Richard was disappointed, but wanted to show her the photo and let her know how much those  
shows meant to lonely GI's so far from home.. Ann Margaret came out looking as 
beautiful as ever and, as second in line, it was soon Richard's turn.  

He presented the book for her signature and then took out the photo. When he did, there were many shouts from the employees that she would not sign it. Richard said, "I understand. I just wanted her to see it." 

She took one look at the photo, tears welled up in her eyes and she said, "This is one of my gentlemen from Viet Nam and I most certainly will sign his photo. I know what these men did for their country and I always have time for 'my gentlemen.'' With that, she pulled Richard across the table and planted a big kiss on him.  She then made quite a to-do about the bravery of the young men she met over the years, how much she admired them, and how much she appreciated them. There weren't too many dry eyes among those close enough to hear.  She then posed for pictures and acted as if he were the only one there. 

That night was a turning point for him. He walked a little straighter and, for the first time in years, was proud to have been a Vet. I'll never forget Ann Margaret for her graciousness and how much that small act of kindness meant to my husband.        

Later at dinner, Richard was very quiet. When I asked if he'd like to talk about it, my big, strong husband broke down in tears.. ''That's the first time anyone ever thanked  
me for my time in the Army,'' he said. 

I now make it a point to say 'Thank you' to every person I come across who served in our Armed Forces. Freedom does not come cheap and I am grateful for all those who have served their country.         

If  you'd like to pass on this story, feel free to do so. Perhaps it will help others to become aware of how important it is to acknowledge the contribution our service people make. 

A True Patriot Will Pass This On.  A Foreigner In This Country Might Not.

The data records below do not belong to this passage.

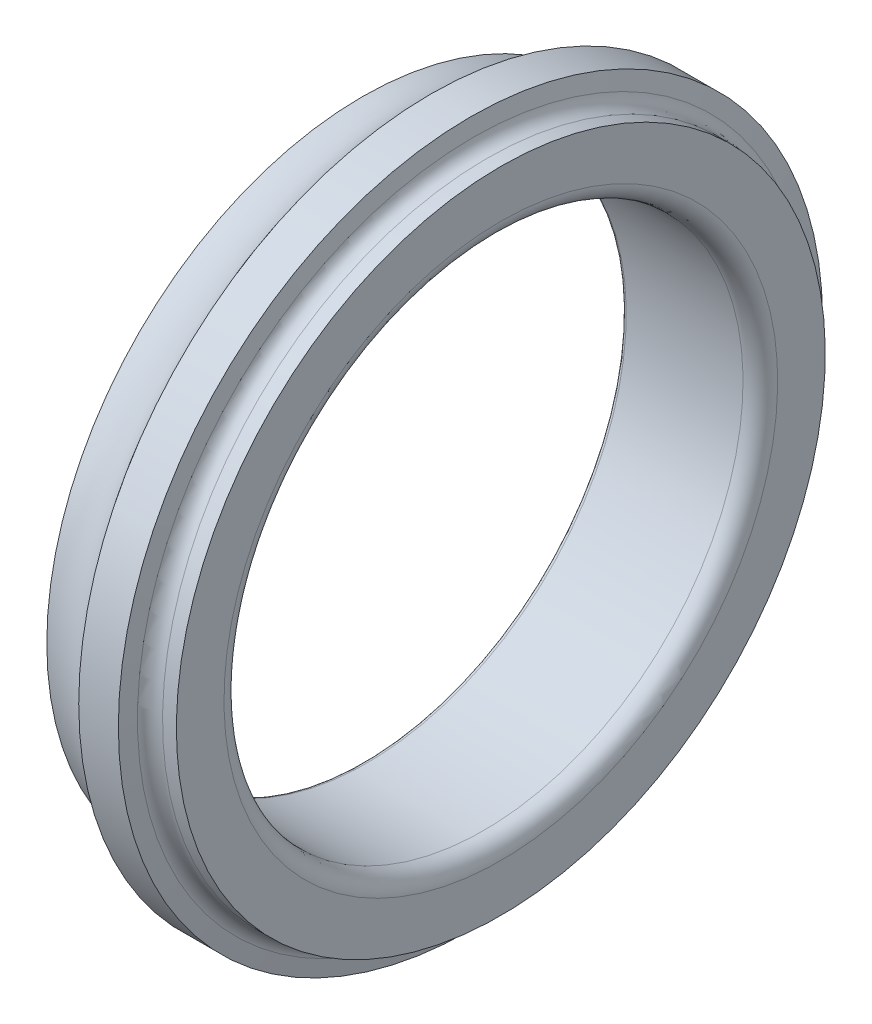
ISO-10303-21;
HEADER;
FILE_DESCRIPTION(('STEP AP214'),'2;1');
FILE_NAME('part.step','',(''),(''),'','','');
FILE_SCHEMA(('AUTOMOTIVE_DESIGN { 1 0 10303 214 1 1 1 1 }'));
ENDSEC;
DATA;
#1=APPLICATION_CONTEXT('core data for automotive mechanical design processes');
#2=APPLICATION_PROTOCOL_DEFINITION('international standard','automotive_design',2000,#1);
#3=PRODUCT_CONTEXT('',#1,'mechanical');
#4=PRODUCT('Part','Part','',(#3));
#5=PRODUCT_RELATED_PRODUCT_CATEGORY('part','',(#4));
#6=PRODUCT_DEFINITION_FORMATION('','',#4);
#7=PRODUCT_DEFINITION_CONTEXT('part definition',#1,'design');
#8=PRODUCT_DEFINITION('design','',#6,#7);
#9=PRODUCT_DEFINITION_SHAPE('','',#8);
#10=(LENGTH_UNIT() NAMED_UNIT(*) SI_UNIT(.MILLI.,.METRE.));
#11=(NAMED_UNIT(*) PLANE_ANGLE_UNIT() SI_UNIT($,.RADIAN.));
#12=(NAMED_UNIT(*) SI_UNIT($,.STERADIAN.) SOLID_ANGLE_UNIT());
#13=UNCERTAINTY_MEASURE_WITH_UNIT(LENGTH_MEASURE(1.E-05),#10,'distance_accuracy_value','');
#14=(GEOMETRIC_REPRESENTATION_CONTEXT(3) GLOBAL_UNCERTAINTY_ASSIGNED_CONTEXT((#13)) GLOBAL_UNIT_ASSIGNED_CONTEXT((#10,
#11,#12)) REPRESENTATION_CONTEXT('',''));
#15=CARTESIAN_POINT('',(0.,0.,0.));
#16=DIRECTION('',(0.,0.,1.));
#17=DIRECTION('',(1.,0.,0.));
#18=AXIS2_PLACEMENT_3D('',#15,#16,#17);
#19=CARTESIAN_POINT('',(8.,0.,0.));
#20=DIRECTION('',(-1.,0.,0.));
#21=DIRECTION('',(0.,0.,1.));
#22=AXIS2_PLACEMENT_3D('',#19,#20,#21);
#23=TOROIDAL_SURFACE('',#22,23.,4.7625);
#24=CARTESIAN_POINT('',(11.9571335901129,0.,0.));
#25=DIRECTION('',(-1.,0.,0.));
#26=DIRECTION('',(0.,1.,0.));
#27=AXIS2_PLACEMENT_3D('',#24,#25,#26);
#28=CIRCLE('',#27,20.35);
#29=CARTESIAN_POINT('',(11.9571335901129,20.35,0.));
#30=VERTEX_POINT('',#29);
#31=EDGE_CURVE('E11',#30,#30,#28,.T.);
#32=ORIENTED_EDGE('',*,*,#31,.T.);
#33=EDGE_LOOP('',(#32));
#34=FACE_BOUND('',#33,.T.);
#35=CARTESIAN_POINT('',(8.,0.,0.));
#36=DIRECTION('',(-1.,0.,0.));
#37=DIRECTION('',(0.,1.,0.));
#38=AXIS2_PLACEMENT_3D('',#35,#36,#37);
#39=CIRCLE('',#38,18.2375);
#40=CARTESIAN_POINT('',(8.,18.2375,0.));
#41=VERTEX_POINT('',#40);
#42=EDGE_CURVE('E59',#41,#41,#39,.T.);
#43=ORIENTED_EDGE('',*,*,#42,.F.);
#44=EDGE_LOOP('',(#43));
#45=FACE_BOUND('',#44,.T.);
#46=ADVANCED_FACE('F16',(#34,#45),#23,.F.);
#47=CARTESIAN_POINT('',(13.1018653580188,0.,0.));
#48=DIRECTION('',(1.,0.,0.));
#49=DIRECTION('',(0.,1.,0.));
#50=AXIS2_PLACEMENT_3D('',#47,#48,#49);
#51=CYLINDRICAL_SURFACE('',#50,20.35);
#52=CARTESIAN_POINT('',(14.2465971259246,0.,0.));
#53=DIRECTION('',(-1.,0.,0.));
#54=DIRECTION('',(0.,1.,0.));
#55=AXIS2_PLACEMENT_3D('',#52,#53,#54);
#56=CIRCLE('',#55,20.35);
#57=CARTESIAN_POINT('',(14.2465971259246,20.35,0.));
#58=VERTEX_POINT('',#57);
#59=EDGE_CURVE('E25',#58,#58,#56,.T.);
#60=ORIENTED_EDGE('',*,*,#59,.T.);
#61=EDGE_LOOP('',(#60));
#62=FACE_BOUND('',#61,.T.);
#63=ORIENTED_EDGE('',*,*,#31,.F.);
#64=EDGE_LOOP('',(#63));
#65=FACE_BOUND('',#64,.T.);
#66=ADVANCED_FACE('F88',(#62,#65),#51,.T.);
#67=CARTESIAN_POINT('',(14.3293754617574,0.,0.));
#68=DIRECTION('',(-1.,0.,0.));
#69=DIRECTION('',(0.,1.,0.));
#70=AXIS2_PLACEMENT_3D('',#67,#68,#69);
#71=CONICAL_SURFACE('',#70,19.8805407289332,1.39626340159546);
#72=CARTESIAN_POINT('',(14.4121537975902,0.,0.));
#73=DIRECTION('',(-1.,0.,0.));
#74=DIRECTION('',(0.,1.,0.));
#75=AXIS2_PLACEMENT_3D('',#72,#73,#74);
#76=CIRCLE('',#75,19.4110814578664);
#77=CARTESIAN_POINT('',(14.4121537975902,19.4110814578664,0.));
#78=VERTEX_POINT('',#77);
#79=EDGE_CURVE('E66',#78,#78,#76,.T.);
#80=ORIENTED_EDGE('',*,*,#79,.T.);
#81=EDGE_LOOP('',(#80));
#82=FACE_BOUND('',#81,.T.);
#83=ORIENTED_EDGE('',*,*,#59,.F.);
#84=EDGE_LOOP('',(#83));
#85=FACE_BOUND('',#84,.T.);
#86=ADVANCED_FACE('F92',(#82,#85),#71,.T.);
#87=CARTESIAN_POINT('',(15.2,0.,0.));
#88=DIRECTION('',(-1.,0.,0.));
#89=DIRECTION('',(0.,0.,1.));
#90=AXIS2_PLACEMENT_3D('',#87,#88,#89);
#91=TOROIDAL_SURFACE('',#90,19.55,0.8);
#92=CARTESIAN_POINT('',(15.2,0.,0.));
#93=DIRECTION('',(-1.,0.,0.));
#94=DIRECTION('',(0.,1.,0.));
#95=AXIS2_PLACEMENT_3D('',#92,#93,#94);
#96=CIRCLE('',#95,18.75);
#97=CARTESIAN_POINT('',(15.2,18.75,0.));
#98=VERTEX_POINT('',#97);
#99=EDGE_CURVE('E64',#98,#98,#96,.T.);
#100=ORIENTED_EDGE('',*,*,#99,.T.);
#101=EDGE_LOOP('',(#100));
#102=FACE_BOUND('',#101,.T.);
#103=ORIENTED_EDGE('',*,*,#79,.F.);
#104=EDGE_LOOP('',(#103));
#105=FACE_BOUND('',#104,.T.);
#106=ADVANCED_FACE('F100',(#102,#105),#91,.F.);
#107=CARTESIAN_POINT('',(15.6,0.,0.));
#108=DIRECTION('',(1.,0.,0.));
#109=DIRECTION('',(0.,1.,0.));
#110=AXIS2_PLACEMENT_3D('',#107,#108,#109);
#111=CYLINDRICAL_SURFACE('',#110,18.75);
#112=CARTESIAN_POINT('',(16.,0.,0.));
#113=DIRECTION('',(-1.,0.,0.));
#114=DIRECTION('',(0.,1.,0.));
#115=AXIS2_PLACEMENT_3D('',#112,#113,#114);
#116=CIRCLE('',#115,18.75);
#117=CARTESIAN_POINT('',(16.,18.75,0.));
#118=VERTEX_POINT('',#117);
#119=EDGE_CURVE('E67',#118,#118,#116,.T.);
#120=ORIENTED_EDGE('',*,*,#119,.T.);
#121=EDGE_LOOP('',(#120));
#122=FACE_BOUND('',#121,.T.);
#123=ORIENTED_EDGE('',*,*,#99,.F.);
#124=EDGE_LOOP('',(#123));
#125=FACE_BOUND('',#124,.T.);
#126=ADVANCED_FACE('F115',(#122,#125),#111,.T.);
#127=CARTESIAN_POINT('',(16.,17.375,0.));
#128=DIRECTION('',(1.,0.,0.));
#129=DIRECTION('',(0.,-1.,0.));
#130=AXIS2_PLACEMENT_3D('',#127,#128,#129);
#131=PLANE('',#130);
#132=CARTESIAN_POINT('',(16.,0.,0.));
#133=DIRECTION('',(-1.,0.,0.));
#134=DIRECTION('',(0.,1.,0.));
#135=AXIS2_PLACEMENT_3D('',#132,#133,#134);
#136=CIRCLE('',#135,16.);
#137=CARTESIAN_POINT('',(16.,16.,0.));
#138=VERTEX_POINT('',#137);
#139=EDGE_CURVE('E61',#138,#138,#136,.T.);
#140=ORIENTED_EDGE('',*,*,#139,.T.);
#141=EDGE_LOOP('',(#140));
#142=FACE_BOUND('',#141,.T.);
#143=ORIENTED_EDGE('',*,*,#119,.F.);
#144=EDGE_LOOP('',(#143));
#145=FACE_BOUND('',#144,.T.);
#146=ADVANCED_FACE('F110',(#142,#145),#131,.T.);
#147=CARTESIAN_POINT('',(15.,0.,0.));
#148=DIRECTION('',(-1.,0.,0.));
#149=DIRECTION('',(0.,0.,1.));
#150=AXIS2_PLACEMENT_3D('',#147,#148,#149);
#151=TOROIDAL_SURFACE('',#150,16.,1.);
#152=CARTESIAN_POINT('',(15.,0.,0.));
#153=DIRECTION('',(-1.,0.,0.));
#154=DIRECTION('',(0.,1.,0.));
#155=AXIS2_PLACEMENT_3D('',#152,#153,#154);
#156=CIRCLE('',#155,15.);
#157=CARTESIAN_POINT('',(15.,15.,0.));
#158=VERTEX_POINT('',#157);
#159=EDGE_CURVE('E19',#158,#158,#156,.T.);
#160=ORIENTED_EDGE('',*,*,#159,.T.);
#161=EDGE_LOOP('',(#160));
#162=FACE_BOUND('',#161,.T.);
#163=ORIENTED_EDGE('',*,*,#139,.F.);
#164=EDGE_LOOP('',(#163));
#165=FACE_BOUND('',#164,.T.);
#166=ADVANCED_FACE('F106',(#162,#165),#151,.T.);
#167=CARTESIAN_POINT('',(11.625,0.,0.));
#168=DIRECTION('',(1.,0.,0.));
#169=DIRECTION('',(0.,1.,0.));
#170=AXIS2_PLACEMENT_3D('',#167,#168,#169);
#171=CYLINDRICAL_SURFACE('',#170,15.);
#172=CARTESIAN_POINT('',(8.25,0.,0.));
#173=DIRECTION('',(-1.,0.,0.));
#174=DIRECTION('',(0.,1.,0.));
#175=AXIS2_PLACEMENT_3D('',#172,#173,#174);
#176=CIRCLE('',#175,15.);
#177=CARTESIAN_POINT('',(8.25,15.,0.));
#178=VERTEX_POINT('',#177);
#179=EDGE_CURVE('E55',#178,#178,#176,.T.);
#180=ORIENTED_EDGE('',*,*,#179,.T.);
#181=EDGE_LOOP('',(#180));
#182=FACE_BOUND('',#181,.T.);
#183=ORIENTED_EDGE('',*,*,#159,.F.);
#184=EDGE_LOOP('',(#183));
#185=FACE_BOUND('',#184,.T.);
#186=ADVANCED_FACE('F56',(#182,#185),#171,.F.);
#187=CARTESIAN_POINT('',(8.25,0.,0.));
#188=DIRECTION('',(-1.,0.,0.));
#189=DIRECTION('',(0.,0.,1.));
#190=AXIS2_PLACEMENT_3D('',#187,#188,#189);
#191=TOROIDAL_SURFACE('',#190,15.25,0.25);
#192=CARTESIAN_POINT('',(8.,0.,0.));
#193=DIRECTION('',(-1.,0.,0.));
#194=DIRECTION('',(0.,1.,0.));
#195=AXIS2_PLACEMENT_3D('',#192,#193,#194);
#196=CIRCLE('',#195,15.25);
#197=CARTESIAN_POINT('',(8.,15.25,0.));
#198=VERTEX_POINT('',#197);
#199=EDGE_CURVE('E62',#198,#198,#196,.T.);
#200=ORIENTED_EDGE('',*,*,#199,.T.);
#201=EDGE_LOOP('',(#200));
#202=FACE_BOUND('',#201,.T.);
#203=ORIENTED_EDGE('',*,*,#179,.F.);
#204=EDGE_LOOP('',(#203));
#205=FACE_BOUND('',#204,.T.);
#206=ADVANCED_FACE('F75',(#202,#205),#191,.T.);
#207=CARTESIAN_POINT('',(8.,16.74375,0.));
#208=DIRECTION('',(-1.,0.,0.));
#209=DIRECTION('',(0.,1.,0.));
#210=AXIS2_PLACEMENT_3D('',#207,#208,#209);
#211=PLANE('',#210);
#212=ORIENTED_EDGE('',*,*,#42,.T.);
#213=EDGE_LOOP('',(#212));
#214=FACE_BOUND('',#213,.T.);
#215=ORIENTED_EDGE('',*,*,#199,.F.);
#216=EDGE_LOOP('',(#215));
#217=FACE_BOUND('',#216,.T.);
#218=ADVANCED_FACE('F77',(#214,#217),#211,.T.);
#219=CLOSED_SHELL('',(#46,#66,#86,#106,#126,#146,#166,#186,#206,#218));
#220=MANIFOLD_SOLID_BREP('B1',#219);
#221=ADVANCED_BREP_SHAPE_REPRESENTATION('',(#18,#220),#14);
#222=SHAPE_DEFINITION_REPRESENTATION(#9,#221);
ENDSEC;
END-ISO-10303-21;

Sent via the Samsung Galaxy S7 active, an AT&T 4G LTE smartphone


----------



## EastTexFrank

Damn!!!!   I read this and tears are welling up in my eyes.  I guess that I'm not the hard bitten ol' bastard that everyone says I am.


----------



## Lenny

Great post.  Thanks.

I'm still pissed off about how the news medias trained people to hate us soldiers but love the government that ordered us to go there.


----------



## loboloco

Even though my time was after Vietnam, I can remember being asked how many babies I killed.  Since I tried my best to reduce collaterals anytime I was engaged, that really pissed me off.


----------



## road squawker

EastTexFrank said:


> Damn!!!!   I read this and tears are welling up in my eyes.  I guess that I'm not the hard bitten ol' bastard that everyone says I am.



Me too.

I was touched.

I remember well the USO tours, Bob Hope, Ann Margret, Kris Kristofferson, Roman Gabriel,...... I have some pics here too, in a box that I haven't opened in years.


----------



## tiredretired

EastTexFrank said:


> Damn!!!!   I read this and tears are welling up in my eyes. * I guess that I'm not the hard bitten ol' bastard that everyone says I am.*



Care to debate that proposition?  :th_lmao:


----------



## Danang Sailor

Lenny said:


> Great post.  Thanks.
> 
> I'm still pissed off about how the news medias trained people to hate us soldiers but love the government that ordered us to go there.





loboloco said:


> Even though my time was after Vietnam, I can remember being asked how many babies I killed.  Since I tried my best to reduce collaterals anytime I was engaged, that really pissed me off.


I set down my healing experience on FF before.  Here's the link; it might help someone else, as more recent fighting has also left its mark on younger souls:

http://www.forumsforums.com/3_9/show...highlight=wall


----------



## Lenny

Danang Sailor said:


> I set down my healing experience on FF before.  Here's the link; it might help someone else, as more recent fighting has also left its mark on younger souls:
> 
> http://www.forumsforums.com/3_9/show...highlight=wall




What a wonderful lady!!!!!!!


----------



## mla2ofus

DS, I'm not a highly religious man but I think God connected you and that lady that day. Maybe by doing it he helped her shed some pain and regrets of her own. 
Mike


----------



## echo

This was my favorite baby sitter in Nam


----------